The article I linked to above is what we have to do that.

It doesn’t actually return the password, just the username. You then look up that user in your database and return the password.

Richard

I’m not sure what you mean at this point. At top you had credentials in a querystring, which you can grab in onConnect and add to the client instance with WMSProperties, and look at anytime later.

With AuthenticateUsernamePasswordProviderBase you can get the username supplied by the encoder and look up the password. In that case the username and password is sent to Wowza with digest authentication, not in the rtmp connection.

Richard

This is how to do it:

public String getPassword(String username)
	{
		// return password for given username		
		String pwd = null;
		// lookup pwd in external authentication system
		
		IClient client = this.getClient();
		
		client.getProperties().setProperty("username", username);
		client.getProperties().setProperty("pwd", pwd);
	}

Richard

Not sure what you mean exactly, but RTMP Authentication uses digest, which is not clear text.

Richard

I read that article and know how to store variables on a client object. But I don’t think that will solve my problem.

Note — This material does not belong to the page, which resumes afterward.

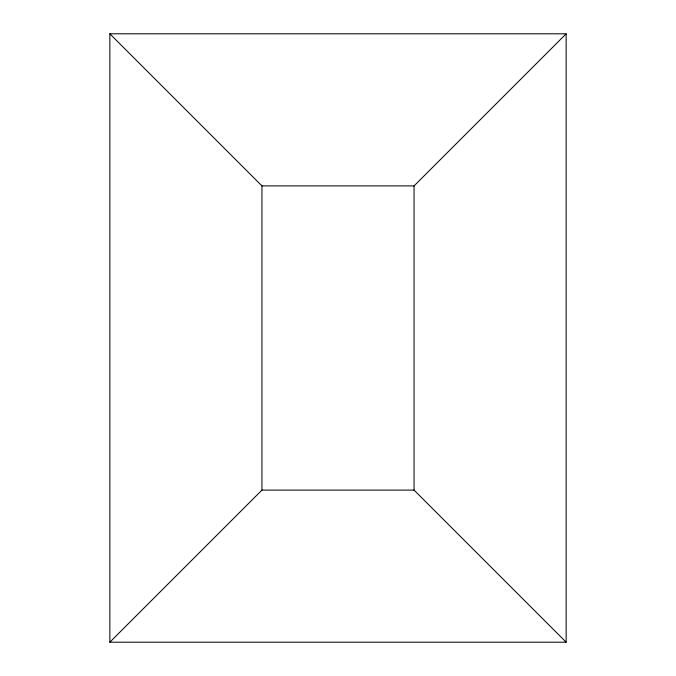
<?xml version="1.0" encoding="UTF-8"?>
<svg xmlns="http://www.w3.org/2000/svg" width="676" height="676" viewBox="0 0 676 676"><rect width="100%" height="100%" fill="white"/><g stroke="black" fill="none" stroke-linecap="round" stroke-linejoin="round"><path stroke-width="1.01" d="M566.15 642.2L414.05 490.1L414.05 185.9L566.15 33.8L109.85 33.8L109.85 642.2L566.15 642.2L566.15 33.8M109.85 642.2L261.95 490.1L261.95 185.9L109.85 33.8M261.95 185.9L414.05 185.9M261.95 490.1L414.05 490.1"/></g></svg>

But how do I get access to the username and password if it’s supplied via RTMP authentication?

Because as far as I can see you don’t have access to the client object in the ModuleRTMPAuthenticate (at least not in the right methods)? And I don’t know how to access this information in the onConnect method.

I have this working already with URL parameters. I just want to know if I can access the supplied username and password somewhere else in the application when they are supplied via RTMP authentication and not via URL parameters.

But how do I store the username in the client object if I don’t have access to the client object in the getPassword method?

And I still think it’s a strange implementation. For this you need the passwords as plain-text, it’s very bad practice to store passwords as plain text.

So there’s is basically no way to do a more sophisticated integration with RTMP authentication because you can’t access the supplied credentials later on? So you can’t do a per publish stream authentication with RTMP, only with query params?

Thank you, that I can use.

Is there no way to use RTMP authentication with encrypted passwords? In a lot of usecases the plain text password is not available.

I mean that most external authentication mechanisms do not have clear text passwords available to return. They can only validate if a password is valid or not.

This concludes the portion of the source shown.